Although this uses wordpress technology, this is not a blog. The purpose of this site is to get advice and suggestions on continually evolving notes on the foundations of algebraic geometry.

These notes deal with schemes, and attempt to be faster and more complete and rigorous than most, but with enough examples and calculations to help develop intuition for the machinery.
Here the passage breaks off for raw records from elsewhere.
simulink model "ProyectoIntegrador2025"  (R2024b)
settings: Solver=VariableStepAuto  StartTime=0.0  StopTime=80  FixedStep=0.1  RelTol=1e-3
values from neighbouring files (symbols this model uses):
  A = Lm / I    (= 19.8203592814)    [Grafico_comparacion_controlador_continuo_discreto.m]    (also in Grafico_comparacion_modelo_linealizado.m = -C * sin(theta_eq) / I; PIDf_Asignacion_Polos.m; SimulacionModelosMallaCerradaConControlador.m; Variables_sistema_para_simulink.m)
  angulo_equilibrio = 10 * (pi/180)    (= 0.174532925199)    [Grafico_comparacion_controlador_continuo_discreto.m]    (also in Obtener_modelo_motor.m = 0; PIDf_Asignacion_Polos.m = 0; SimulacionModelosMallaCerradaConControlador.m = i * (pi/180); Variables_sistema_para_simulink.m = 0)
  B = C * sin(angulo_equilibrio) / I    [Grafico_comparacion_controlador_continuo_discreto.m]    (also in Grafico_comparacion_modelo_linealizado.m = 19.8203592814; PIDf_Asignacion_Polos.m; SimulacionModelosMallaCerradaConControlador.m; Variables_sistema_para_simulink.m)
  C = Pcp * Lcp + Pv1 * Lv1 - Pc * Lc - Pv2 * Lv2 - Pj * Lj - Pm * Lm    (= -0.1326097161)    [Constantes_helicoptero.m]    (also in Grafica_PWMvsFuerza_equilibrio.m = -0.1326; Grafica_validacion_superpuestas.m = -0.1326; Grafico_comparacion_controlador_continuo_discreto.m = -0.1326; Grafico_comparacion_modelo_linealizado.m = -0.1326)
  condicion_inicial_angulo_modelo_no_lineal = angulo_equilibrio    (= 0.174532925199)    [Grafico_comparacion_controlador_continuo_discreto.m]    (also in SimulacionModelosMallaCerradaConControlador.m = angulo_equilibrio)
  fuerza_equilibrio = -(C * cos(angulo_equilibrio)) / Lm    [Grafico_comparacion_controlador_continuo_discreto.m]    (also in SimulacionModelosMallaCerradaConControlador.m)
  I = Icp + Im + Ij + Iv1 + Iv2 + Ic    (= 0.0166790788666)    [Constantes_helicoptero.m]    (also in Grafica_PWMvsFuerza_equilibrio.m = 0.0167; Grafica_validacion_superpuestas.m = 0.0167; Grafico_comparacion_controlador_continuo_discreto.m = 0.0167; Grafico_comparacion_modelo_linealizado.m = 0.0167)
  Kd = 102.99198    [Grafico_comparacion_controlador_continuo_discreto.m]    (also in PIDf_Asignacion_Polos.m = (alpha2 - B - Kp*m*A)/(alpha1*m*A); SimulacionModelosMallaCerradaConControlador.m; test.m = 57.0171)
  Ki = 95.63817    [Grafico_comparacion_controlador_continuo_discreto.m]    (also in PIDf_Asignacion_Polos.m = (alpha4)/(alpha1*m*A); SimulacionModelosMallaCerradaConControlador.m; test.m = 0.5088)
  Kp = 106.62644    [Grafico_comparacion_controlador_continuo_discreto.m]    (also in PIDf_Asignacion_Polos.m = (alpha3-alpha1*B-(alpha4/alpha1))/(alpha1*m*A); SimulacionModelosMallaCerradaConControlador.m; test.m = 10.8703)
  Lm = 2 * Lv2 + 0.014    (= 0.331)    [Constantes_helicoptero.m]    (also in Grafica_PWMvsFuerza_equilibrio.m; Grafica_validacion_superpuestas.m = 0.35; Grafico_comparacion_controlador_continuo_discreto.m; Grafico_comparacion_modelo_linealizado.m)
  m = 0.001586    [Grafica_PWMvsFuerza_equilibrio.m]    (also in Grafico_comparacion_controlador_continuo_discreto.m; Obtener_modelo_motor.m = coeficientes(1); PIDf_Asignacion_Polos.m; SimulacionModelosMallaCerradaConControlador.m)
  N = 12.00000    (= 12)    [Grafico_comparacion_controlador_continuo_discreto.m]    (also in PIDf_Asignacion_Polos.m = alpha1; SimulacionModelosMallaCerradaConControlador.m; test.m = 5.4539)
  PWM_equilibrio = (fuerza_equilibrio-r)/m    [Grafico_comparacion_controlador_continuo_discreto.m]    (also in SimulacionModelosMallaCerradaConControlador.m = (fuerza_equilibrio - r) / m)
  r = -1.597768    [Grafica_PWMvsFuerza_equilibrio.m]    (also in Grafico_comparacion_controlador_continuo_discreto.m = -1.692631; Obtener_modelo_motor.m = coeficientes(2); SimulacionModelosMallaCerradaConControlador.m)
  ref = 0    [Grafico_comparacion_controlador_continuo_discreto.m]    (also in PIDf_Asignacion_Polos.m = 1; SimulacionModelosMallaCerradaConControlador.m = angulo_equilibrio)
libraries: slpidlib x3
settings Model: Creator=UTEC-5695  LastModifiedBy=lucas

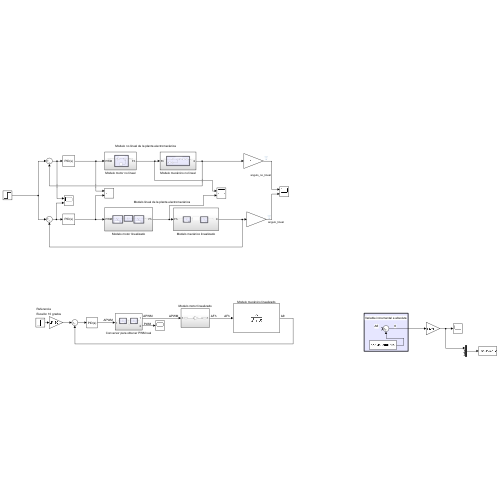
[thumbnail: Simulink's stored preview of the top-level diagram]
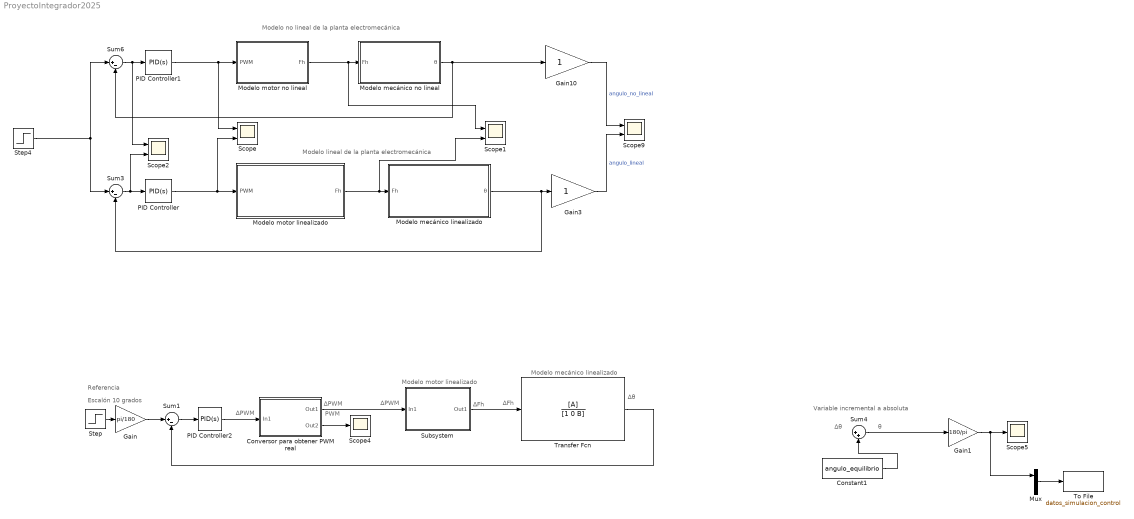
== system ProyectoIntegrador2025 ==
  note: Referencia
  note: Escalón 10 grados
  note: PWM
  note: Modelo no lineal de la planta electromecánica
  note: Modelo lineal de la planta electromecánica
  note: Modelo motor linealizado
  note: Δθ
  note: ΔFh
  note: Modelo mecánico linealizado
  note: ΔPWM
  note: ΔPWM
  note: ΔPWM
  note: ΔFh
  note: Δθ
  note: θ
  note: Variable incremental a absoluta
  Constant1 : Constant  Value=angulo_equilibrio
  Conversor para obtener PWM real : Subsystem
  Gain : Gain  Gain=pi/180
  Gain1 : Gain  Gain=180/pi
  Gain10 : Gain
  Gain3 : Gain
  Modelo mecánico linealizado : Subsystem
  Modelo mecánico no lineal : Subsystem
  Modelo motor linealizado : Subsystem
  Modelo motor no lineal : Subsystem
  Mux : Mux  Inputs=3
  PID Controller : slpidlib/PID Controller  Controller=PID  Form=Parallel  TimeDomain=Continuous-time  UseExternalTs=off  SampleTime=-1  IntegratorMethod=Forward Euler  FilterMethod=Forward Euler  ControllerParametersSource=internal  P=93.8725143926059  I=17.4427346666791  UseKiTs=off  D=124.052527033934  UseExternalDerivativeSource=off  N=21.6474087647294  UseFilter=on  TunerSelectOption=Transfer Function Based (PID Tuner App)  InitialConditionSource=internal  InitialConditionForIntegrator=0  InitialConditionForFilter=0  DifferentiatorICPrevScaledInput=0  ExternalReset=none  TrackingMode=off  Kt=1  LimitOutput=off  SatLimitsSource=internal  UpperSaturationLimit=inf  LowerSaturationLimit=-inf  LinearizeAsGain=on  AntiWindupMode=none  Kb=1  LimitIntegrator=off  UpperIntegratorSaturationLimit=inf  LowerIntegratorSaturationLimit=-inf  POutMin=[]  POutMax=[]  IOutMin=[]  IOutMax=[]  DOutMin=[]  DOutMax=[]  NOutMin=[]  NOutMax=[]  SumOutMin=[]  SumOutMax=[]  SaturationOutMin=[]  SaturationOutMax=[]  PParamMin=[]  PParamMax=[]  IParamMin=[]  IParamMax=[]  DParamMin=[]  DParamMax=[]  NParamMin=[]  NParamMax=[]  KbParamMin=[]  KbParamMax=[]  KtParamMin=[]  KtParamMax=[]  KbOutMin=[]  KbOutMax=[]  KtOutMin=[]  KtOutMax=[]  IntegratorOutMin=[]  IntegratorOutMax=[]  FilterOutMin=[]  FilterOutMax=[]  SumI1OutMin=[]  SumI1OutMax=[]  SumI2OutMin=[]  SumI2OutMax=[]  SumI3OutMin=[]  SumI3OutMax=[]  SumI4OutMin=[]  SumI4OutMax=[]  SumDOutMin=[]  SumDOutMax=[]  DifferentiatorOutMin=[]  DifferentiatorOutMax=[]  FilterDiffOutCoefMin=[]  FilterDiffOutCoefMax=[]  ReciprocalOutMin=[]  ReciprocalOutMax=[]  SumDenOutMin=[]  SumDenOutMax=[]  SumNumOutMin=[]  SumNumOutMax=[]  DivideOutMin=[]  DivideOutMax=[]  UdiffTsProdOutMin=[]  UdiffTsProdOutMax=[]  NTsProdOutMin=[]  NTsProdOutMax=[]  UintegralTsProdOutMin=[]  UintegralTsProdOutMax=[]  UngainTsProdOutMin=[]  UngainTsProdOutMax=[]  ClampingZeroOutDataTypeStr=Inherit: Inherit via back propagation  ClampingZeroOutMin=[]  ClampingZeroOutMax=[]  FilterDenConstantOutDataTypeStr=Inherit: Inherit via back propagation  FilterDenConstantOutMin=[]  FilterDenConstantOutMax=[]  PCopyOutDataTypeStr=Inherit: Inherit via back propagation  PCopyOutMin=[]  PCopyOutMax=[]  NCopyOutDataTypeStr=Inherit: Inherit via back propagation  NCopyOutMin=[]  NCopyOutMax=[]  IntegratorContinuousStateAttributes=''  IntegratorStateMustResolveToSignalObject=off  IntegratorRTWStateStorageClass=Auto  FilterContinuousStateAttributes=''  FilterStateMustResolveToSignalObject=off  FilterRTWStateStorageClass=Auto  ParallelPVariant=InternalParameters  IdealPVariant=Disabled  IVariant=InternalParameters  DVariant=InternalParameters  IntegratorVariant=Continuous  SatVariant=Disabled  AWVariant=Passthrough  PCopyVariant=Disabled  TRVariant=Disabled  FdbkBlocksVariant=Forward  IdealPFdbkVariant=Disabled  SatFdbkVariant=Disabled  DerivativeFilterVariant=ContFilter  NVariant=InternalParameters  NCopyVariant=Disabled  FilterICVariant=InternalICsFilter  IntegratorICVariant=InternalICs  ExternalResetVariant=Disabled  TRSumVariant=Passthrough  SumFdbkVariant=Disabled  SumVariant=Sum_PID  TsampFilterVariant=InternalTs  TsampNgainVariant=Passthrough  TsampIntegralVariant=Disabled_SignalSpec  ExternalSaturationOutDataTypeStr=Inherit: Same as second input  DerivativeSourceVariant=ErrorSignal  PreIntVariant=InternalPreInt
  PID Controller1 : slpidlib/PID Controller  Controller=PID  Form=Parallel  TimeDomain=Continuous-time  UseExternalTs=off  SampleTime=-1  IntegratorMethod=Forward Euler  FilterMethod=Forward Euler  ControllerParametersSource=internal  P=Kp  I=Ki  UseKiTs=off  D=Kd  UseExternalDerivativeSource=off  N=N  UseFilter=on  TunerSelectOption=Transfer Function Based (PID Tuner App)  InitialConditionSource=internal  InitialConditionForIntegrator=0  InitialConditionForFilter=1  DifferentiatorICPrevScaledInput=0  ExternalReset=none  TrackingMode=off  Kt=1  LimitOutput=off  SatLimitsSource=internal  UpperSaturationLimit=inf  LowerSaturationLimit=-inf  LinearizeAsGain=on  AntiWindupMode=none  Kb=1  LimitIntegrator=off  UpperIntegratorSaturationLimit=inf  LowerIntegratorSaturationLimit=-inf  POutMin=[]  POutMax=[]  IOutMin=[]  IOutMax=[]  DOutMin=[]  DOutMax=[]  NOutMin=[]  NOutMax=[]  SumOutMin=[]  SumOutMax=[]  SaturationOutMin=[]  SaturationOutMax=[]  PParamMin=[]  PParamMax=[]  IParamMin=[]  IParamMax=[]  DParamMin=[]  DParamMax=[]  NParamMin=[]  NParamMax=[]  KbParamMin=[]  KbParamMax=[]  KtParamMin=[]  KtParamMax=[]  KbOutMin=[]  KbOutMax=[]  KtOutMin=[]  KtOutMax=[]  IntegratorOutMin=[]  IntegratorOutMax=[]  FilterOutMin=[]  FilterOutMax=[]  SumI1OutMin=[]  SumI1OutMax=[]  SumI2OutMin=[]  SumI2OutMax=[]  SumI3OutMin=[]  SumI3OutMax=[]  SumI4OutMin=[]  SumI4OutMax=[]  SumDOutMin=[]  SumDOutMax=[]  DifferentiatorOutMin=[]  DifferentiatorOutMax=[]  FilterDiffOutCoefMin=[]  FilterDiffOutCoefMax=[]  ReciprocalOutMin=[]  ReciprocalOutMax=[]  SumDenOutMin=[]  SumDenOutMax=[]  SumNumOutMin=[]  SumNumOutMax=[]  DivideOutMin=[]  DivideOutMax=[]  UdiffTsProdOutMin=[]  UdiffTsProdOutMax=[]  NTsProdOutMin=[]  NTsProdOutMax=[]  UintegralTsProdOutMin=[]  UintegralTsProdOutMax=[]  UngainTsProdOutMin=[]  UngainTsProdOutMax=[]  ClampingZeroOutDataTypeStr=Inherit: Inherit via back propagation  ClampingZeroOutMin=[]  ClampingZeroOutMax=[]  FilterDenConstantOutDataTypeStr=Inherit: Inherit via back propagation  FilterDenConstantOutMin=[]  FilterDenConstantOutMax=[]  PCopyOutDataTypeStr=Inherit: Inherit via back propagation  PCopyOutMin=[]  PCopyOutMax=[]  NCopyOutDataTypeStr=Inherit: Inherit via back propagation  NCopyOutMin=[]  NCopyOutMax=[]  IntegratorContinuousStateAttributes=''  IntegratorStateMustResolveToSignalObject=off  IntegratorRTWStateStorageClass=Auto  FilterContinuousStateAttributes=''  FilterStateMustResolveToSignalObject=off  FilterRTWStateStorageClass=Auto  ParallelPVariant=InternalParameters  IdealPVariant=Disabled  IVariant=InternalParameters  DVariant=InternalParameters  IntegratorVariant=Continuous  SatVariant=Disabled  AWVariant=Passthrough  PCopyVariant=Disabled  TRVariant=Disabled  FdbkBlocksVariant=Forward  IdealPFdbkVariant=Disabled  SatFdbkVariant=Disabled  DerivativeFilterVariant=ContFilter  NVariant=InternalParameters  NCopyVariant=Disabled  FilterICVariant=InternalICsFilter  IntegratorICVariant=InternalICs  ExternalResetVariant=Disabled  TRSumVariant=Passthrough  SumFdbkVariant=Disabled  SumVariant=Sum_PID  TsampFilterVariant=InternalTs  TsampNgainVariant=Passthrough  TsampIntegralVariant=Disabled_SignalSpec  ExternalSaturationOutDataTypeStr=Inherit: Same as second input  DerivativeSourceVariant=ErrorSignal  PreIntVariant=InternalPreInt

Such a course is normally a “second course” in algebraic geometry, and in an ideal world, people would learn this material over many years, after taking serious courses in commutative algebra, topology, complex analysis, differential geometry, homological algebra, and number theory.  We do not live in an ideal world.

I’ve officially taught this course at Stanford three times (and unofficially ran reading courses more often than that), and my lecture notes have been converging over time.  The notes distill things people have told me through the years, of slick explanations of the basic things one needs to know to work in algebraic geometry.  I would now like to refine them further, by digesting into it more collective wisdom.

My intent for the 2010-2011 academic year (September 2010 – August 2011) was to gradually and sequentially edit them, and to post them, roughly at the rate of a (hard, fast) course.  This goal is now complete. My intent for the 2011-2012 academic year is to teach a year-long graduate course at Stanford, and continue to post the notes, and continue to have interesting discussions with people via this site, which will lead to ongoing revision and improvements.

See these mathoverflow answers for some interesting discussion just before this started.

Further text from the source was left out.